Peças com furos que expõem a pele e camisetas de uma só manga são outros exemplos de como o homem está seguindo os passos da mulher tal qual elas fazem com minissaias e os biquínis de asa-delta ou fio-dental.
É verdade que os homens já exibiram o corpo antes. Jovens soldados que retornaram musculosos da Segunda Guerra Mundial posaram usando tanguinha para a extinta revista de fisiculturismo Physique Pictorial.
No Brasil, Fernando Gabeira importou a peça para a praia de Ipanema em plena ditadura militar.
A novidade, diz Queiroz, o estilista, é a pluralidade dos corpos, o que ganha cada vez mais força conforme as marcas aderem aos corpos que vão além do magro e musculoso.
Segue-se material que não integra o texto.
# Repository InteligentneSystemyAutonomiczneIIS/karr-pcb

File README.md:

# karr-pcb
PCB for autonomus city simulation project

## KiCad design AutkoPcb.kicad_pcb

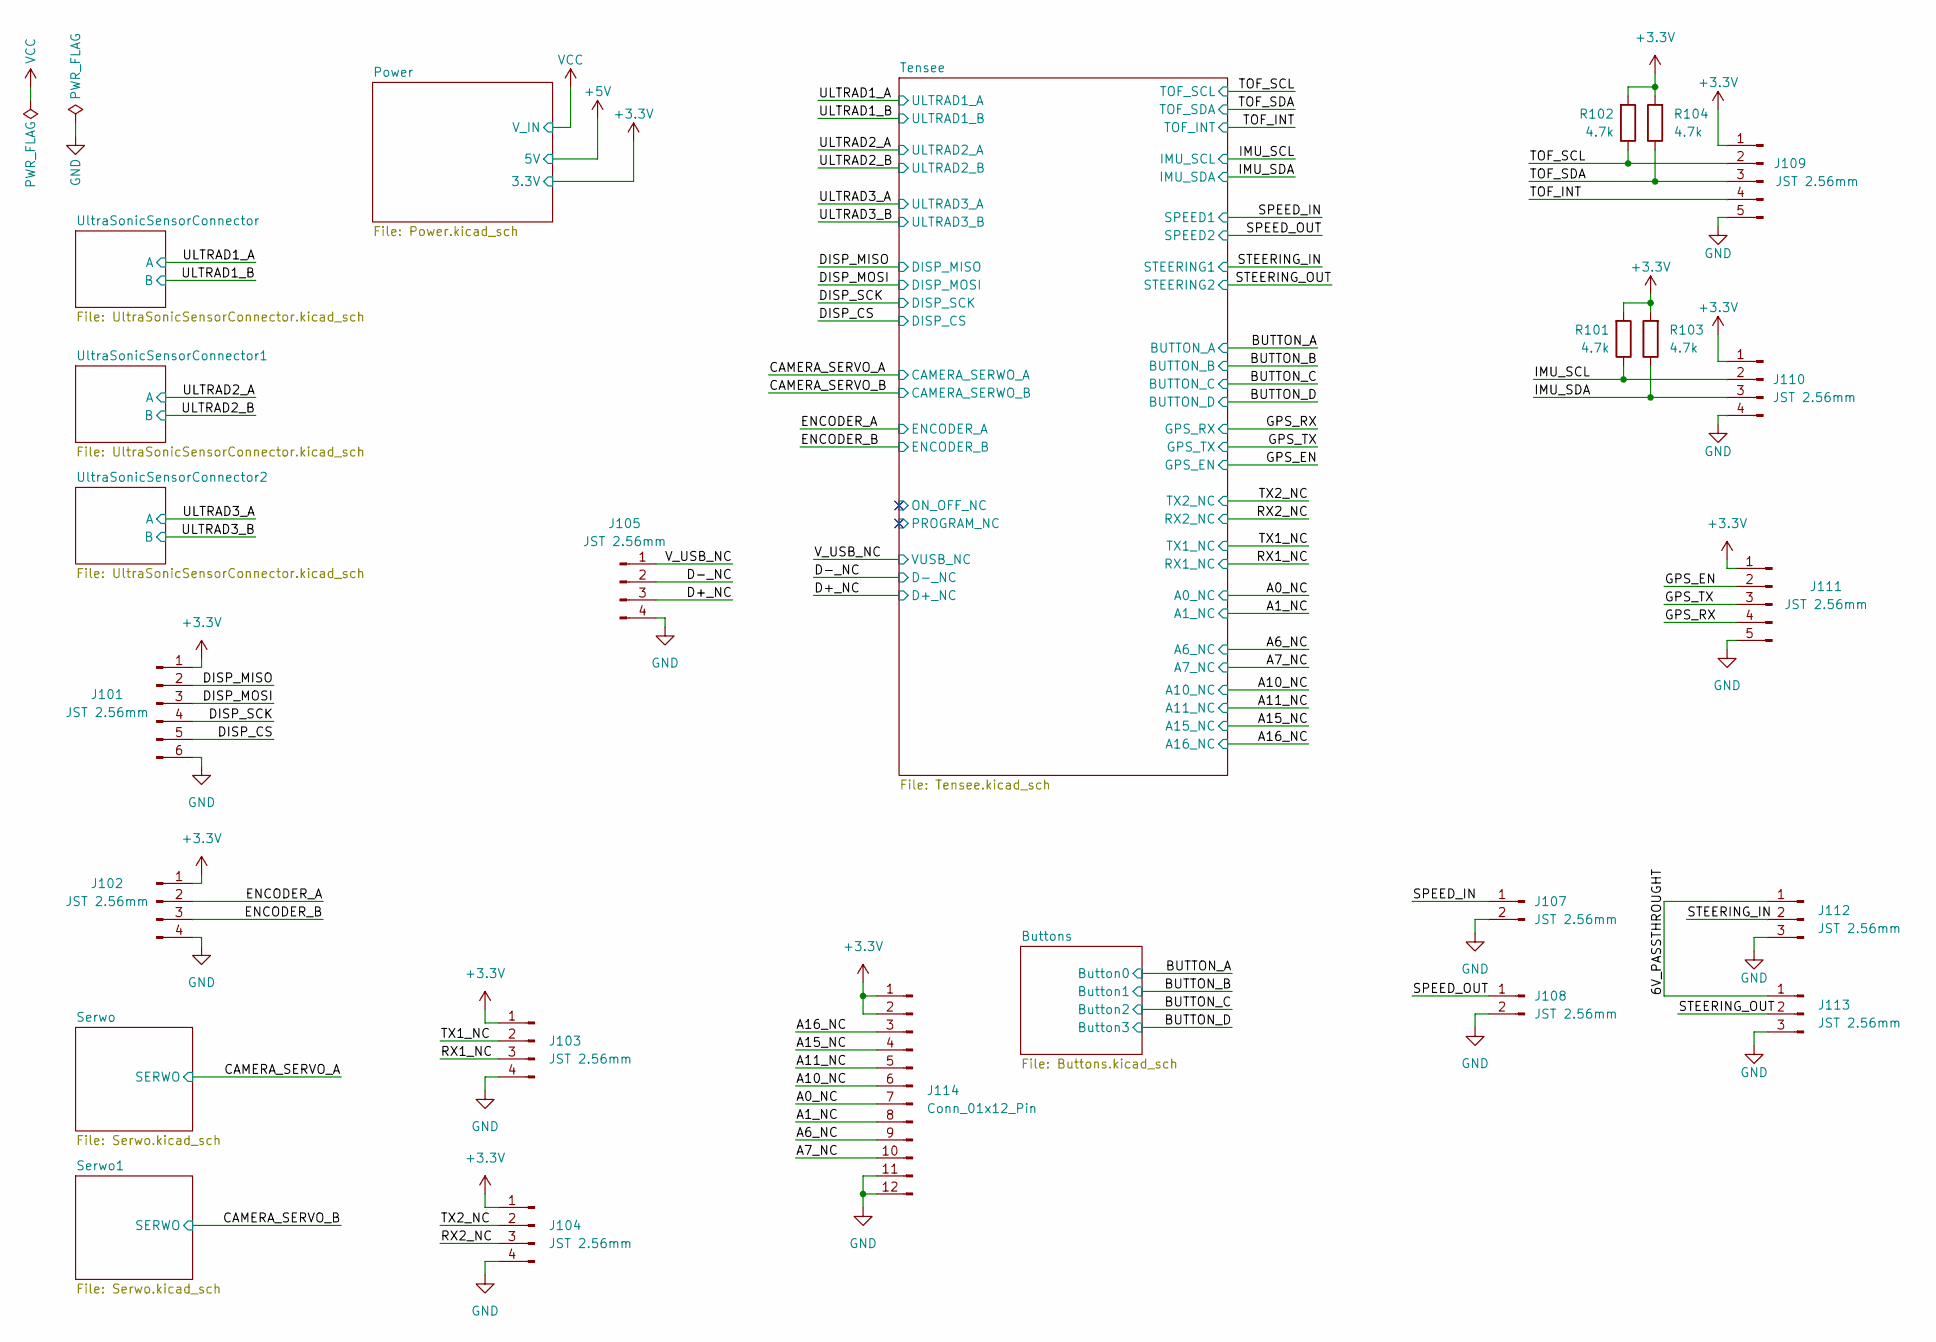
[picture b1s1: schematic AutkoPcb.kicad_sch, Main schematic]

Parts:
J101: JST 2.56mm; JST_XA_B06B-XASK-1_1x06_P2.50mm_Vertical
J102, J105, J110: JST 2.56mm; JST_XH_B4B-XH-A_1x04_P2.50mm_Vertical
J103, J104: JST 2.56mm; PinHeader_1x04_P2.54mm_Vertical
J107, J108: JST 2.56mm; JST_XH_B2B-XH-A_1x02_P2.50mm_Vertical
J109, J111: JST 2.56mm; JST_XH_B5B-XH-A_1x05_P2.50mm_Vertical
J112, J113: JST 2.56mm; JST_XH_B3B-XH-A_1x03_P2.50mm_Vertical
J114: Conn_01x12_Pin; PinSocket_1x12_P2.54mm_Vertical
R101, R102, R103, R104: 4.7k; R_Axial_DIN0204_L3.6mm_D1.6mm_P7.62mm_Horizontal

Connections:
+3.3V: J101.1, J102.1, J103.1, J104.1, J109.1, J110.1, J111.1, J114.1, J114.2, R101.2, R102.2, R103.2, R104.2; also elsewhere on the board
/6V_PASSTHROUGHT: J112.1, J113.1
/A0_NC: J114.7; also elsewhere on the board
/A1_NC: J114.8; also elsewhere on the board
/A6_NC: J114.9; also elsewhere on the board
/A7_NC: J114.10; also elsewhere on the board
/A10_NC: J114.6; also elsewhere on the board
/A11_NC: J114.5; also elsewhere on the board
/A15_NC: J114.4; also elsewhere on the board
/A16_NC: J114.3; also elsewhere on the board
/D+_NC: J105.3; also elsewhere on the board
/D-_NC: J105.2; also elsewhere on the board
/DISP_CS: J101.5; also elsewhere on the board
/DISP_MISO: J101.2; also elsewhere on the board
/DISP_MOSI: J101.3; also elsewhere on the board
/DISP_SCK: J101.4; also elsewhere on the board
/ENCODER_A: J102.2; also elsewhere on the board
/ENCODER_B: J102.3; also elsewhere on the board
/GPS_EN: J111.2; also elsewhere on the board
/GPS_RX: J111.4; also elsewhere on the board
/GPS_TX: J111.3; also elsewhere on the board
/IMU_SCL: J110.2, R101.1; also elsewhere on the board
/IMU_SDA: J110.3, R103.1; also elsewhere on the board
/RX1_NC: J103.3; also elsewhere on the board
/RX2_NC: J104.3; also elsewhere on the board
/SPEED_IN: J107.1; also elsewhere on the board
/SPEED_OUT: J108.1; also elsewhere on the board
/STEERING_IN: J112.2; also elsewhere on the board
/STEERING_OUT: J113.2; also elsewhere on the board
/TOF_INT: J109.4; also elsewhere on the board
/TOF_SCL: J109.2, R102.1; also elsewhere on the board
/TOF_SDA: J109.3, R104.1; also elsewhere on the board
/TX1_NC: J103.2; also elsewhere on the board
/TX2_NC: J104.2; also elsewhere on the board
/V_USB_NC: J105.1; also elsewhere on the board
GND: J101.6, J102.4, J103.4, J104.4, J105.4, J107.2, J108.2, J109.5, J110.4, J111.5, J112.3, J113.3, J114.11, J114.12; also elsewhere on the board

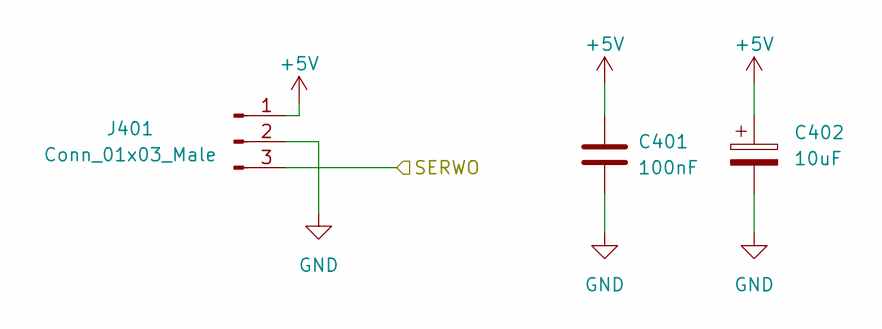
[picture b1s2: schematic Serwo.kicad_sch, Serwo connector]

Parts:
C401: 100nF; C_Disc_D3.0mm_W1.6mm_P2.50mm
C402: 10uF; CP_Radial_D5.0mm_P2.00mm
J401: Conn_01x03_Male; JST_XH_B3B-XH-A_1x03_P2.50mm_Vertical

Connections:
+5V: C401.1, C402.1, J401.1; also elsewhere on the board
/CAMERA_SERVO_A: J401.3; also elsewhere on the board
GND: C401.2, C402.2, J401.2; also elsewhere on the board

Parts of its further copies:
C501: 100nF; C_Disc_D3.0mm_W1.6mm_P2.50mm
C502: 10uF; CP_Radial_D5.0mm_P2.00mm
J501: Conn_01x03_Male; JST_XH_B3B-XH-A_1x03_P2.50mm_Vertical

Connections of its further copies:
+5V: C501.1, C502.1, J501.1; also elsewhere on the board
/CAMERA_SERVO_B: J501.3; also elsewhere on the board
GND: C501.2, C502.2, J501.2; also elsewhere on the board

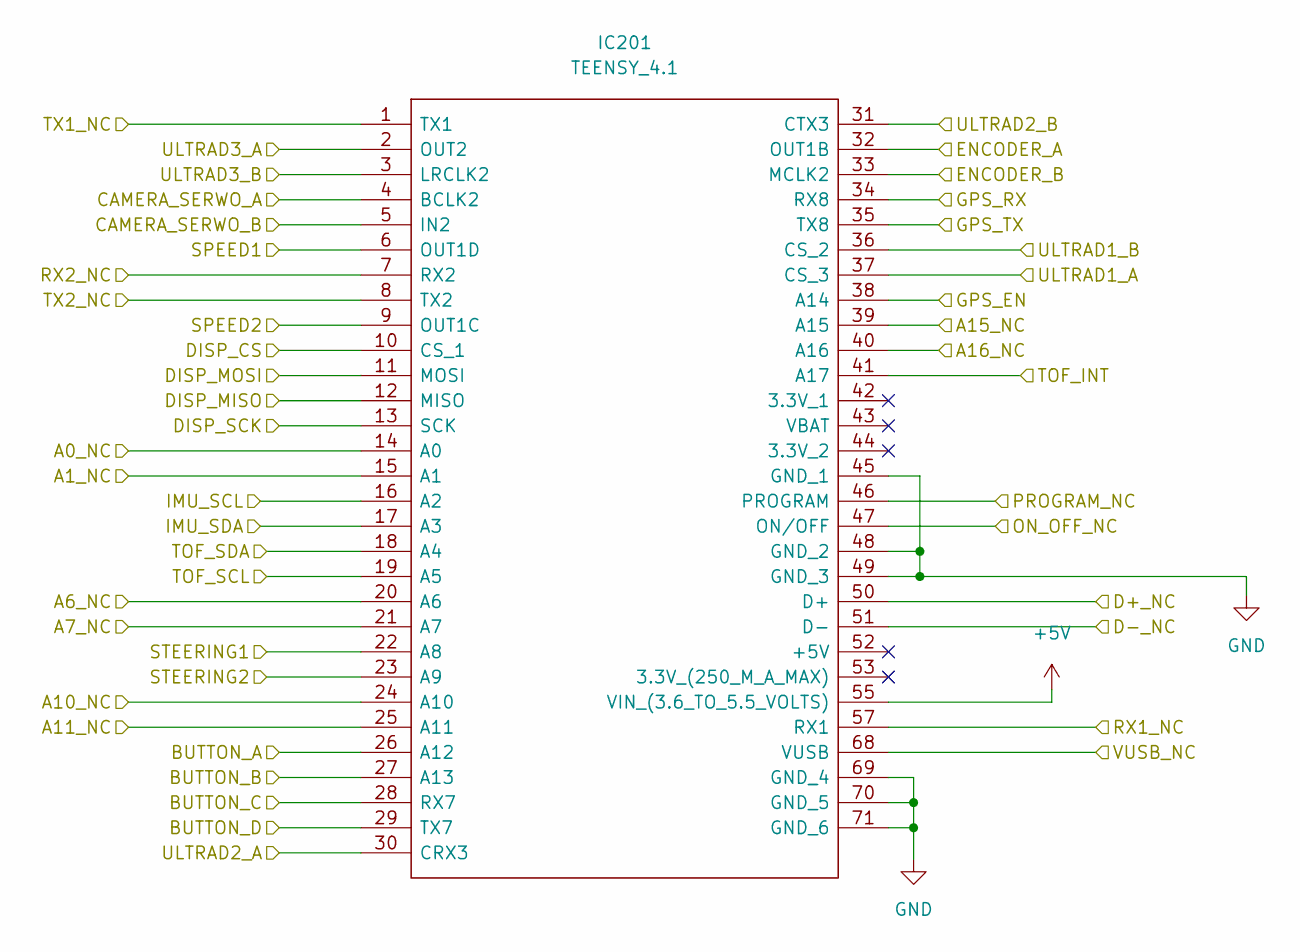
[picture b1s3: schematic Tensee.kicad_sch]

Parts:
IC201: TEENSY_4.1; TEENSY41; Manufacturer_Part_Number TEENSY 4.1

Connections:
+5V: IC201.55 (VIN_(3.6_TO_5.5_VOLTS)); also elsewhere on the board
/A0_NC: IC201.14 (A0); also elsewhere on the board
/A1_NC: IC201.15 (A1); also elsewhere on the board
/A6_NC: IC201.20 (A6); also elsewhere on the board
/A7_NC: IC201.21 (A7); also elsewhere on the board
/A10_NC: IC201.24 (A10); also elsewhere on the board
/A11_NC: IC201.25 (A11); also elsewhere on the board
/A15_NC: IC201.39 (A15); also elsewhere on the board
/A16_NC: IC201.40 (A16); also elsewhere on the board
/BUTTON_A: IC201.26 (A12); also elsewhere on the board
/BUTTON_B: IC201.27 (A13); also elsewhere on the board
/BUTTON_C: IC201.28 (RX7); also elsewhere on the board
/BUTTON_D: IC201.29 (TX7); also elsewhere on the board
/CAMERA_SERVO_A: IC201.4 (BCLK2); also elsewhere on the board
/CAMERA_SERVO_B: IC201.5 (IN2); also elsewhere on the board
/D+_NC: IC201.50 (D+); also elsewhere on the board
/D-_NC: IC201.51 (D-); also elsewhere on the board
/DISP_CS: IC201.10 (CS_1); also elsewhere on the board
/DISP_MISO: IC201.12 (MISO); also elsewhere on the board
/DISP_MOSI: IC201.11 (MOSI); also elsewhere on the board
/DISP_SCK: IC201.13 (SCK); also elsewhere on the board
/ENCODER_A: IC201.32 (OUT1B); also elsewhere on the board
/ENCODER_B: IC201.33 (MCLK2); also elsewhere on the board
/GPS_EN: IC201.38 (A14); also elsewhere on the board
/GPS_RX: IC201.34 (RX8); also elsewhere on the board
/GPS_TX: IC201.35 (TX8); also elsewhere on the board
/IMU_SCL: IC201.16 (A2); also elsewhere on the board
/IMU_SDA: IC201.17 (A3); also elsewhere on the board
/RX1_NC: IC201.57 (RX1); also elsewhere on the board
/RX2_NC: IC201.7 (RX2); also elsewhere on the board
/SPEED_IN: IC201.6 (OUT1D); also elsewhere on the board
/SPEED_OUT: IC201.9 (OUT1C); also elsewhere on the board
/STEERING_IN: IC201.22 (A8); also elsewhere on the board
/STEERING_OUT: IC201.23 (A9); also elsewhere on the board
/TOF_INT: IC201.41 (A17); also elsewhere on the board
/TOF_SCL: IC201.19 (A5); also elsewhere on the board
/TOF_SDA: IC201.18 (A4); also elsewhere on the board
/TX1_NC: IC201.1 (TX1); also elsewhere on the board
/TX2_NC: IC201.8 (TX2); also elsewhere on the board
/Tensee/ON_OFF_NC: IC201.47 (ON/OFF)
/Tensee/PROGRAM_NC: IC201.46 (PROGRAM)
/ULTRAD1_A: IC201.37 (CS_3); also elsewhere on the board
/ULTRAD1_B: IC201.36 (CS_2); also elsewhere on the board
/ULTRAD2_A: IC201.30 (CRX3); also elsewhere on the board
/ULTRAD2_B: IC201.31 (CTX3); also elsewhere on the board
/ULTRAD3_A: IC201.2 (OUT2); also elsewhere on the board
/ULTRAD3_B: IC201.3 (LRCLK2); also elsewhere on the board
/V_USB_NC: IC201.68 (VUSB); also elsewhere on the board
GND: IC201.45 (GND_1), IC201.48 (GND_2), IC201.49 (GND_3), IC201.69 (GND_4), IC201.70 (GND_5), IC201.71 (GND_6); also elsewhere on the board

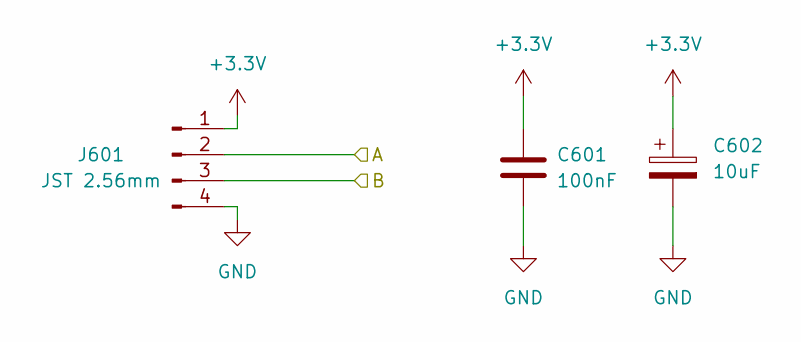
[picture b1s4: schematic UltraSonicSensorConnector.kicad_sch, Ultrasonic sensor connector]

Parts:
C601: 100nF; C_Disc_D3.0mm_W1.6mm_P2.50mm
C602: 10uF; CP_Radial_D5.0mm_P2.00mm
J601: JST 2.56mm; JST_XH_B4B-XH-A_1x04_P2.50mm_Vertical

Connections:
+3.3V: C601.1, C602.1, J601.1; also elsewhere on the board
/ULTRAD1_A: J601.2; also elsewhere on the board
/ULTRAD1_B: J601.3; also elsewhere on the board
GND: C601.2, C602.2, J601.4; also elsewhere on the board

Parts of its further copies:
C701, C801: 100nF; C_Disc_D3.0mm_W1.6mm_P2.50mm
C702, C802: 10uF; CP_Radial_D5.0mm_P2.00mm
J701, J801: JST 2.56mm; JST_XH_B4B-XH-A_1x04_P2.50mm_Vertical

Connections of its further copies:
+3.3V: C701.1, C702.1, C801.1, C802.1, J701.1, J801.1; also elsewhere on the board
/ULTRAD2_A: J701.2; also elsewhere on the board
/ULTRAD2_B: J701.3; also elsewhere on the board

A Bannanna, dedicada aos homens gays, por exemplo, expandiu o catálogo de sungas cavadas e cuecas fio-dental para collants e maiôs em uma coleção para o Carnaval.
Embora os gays ainda sejam o maior público da Bannanna, os homens heterossexuais estão aderindo à tendência. Nelson Silva, criador e diretor da marca, diz que há mulheres que vão à sua loja, no bairro paulistano de Pinheiros, comprar as peças para seus namorados e maridos.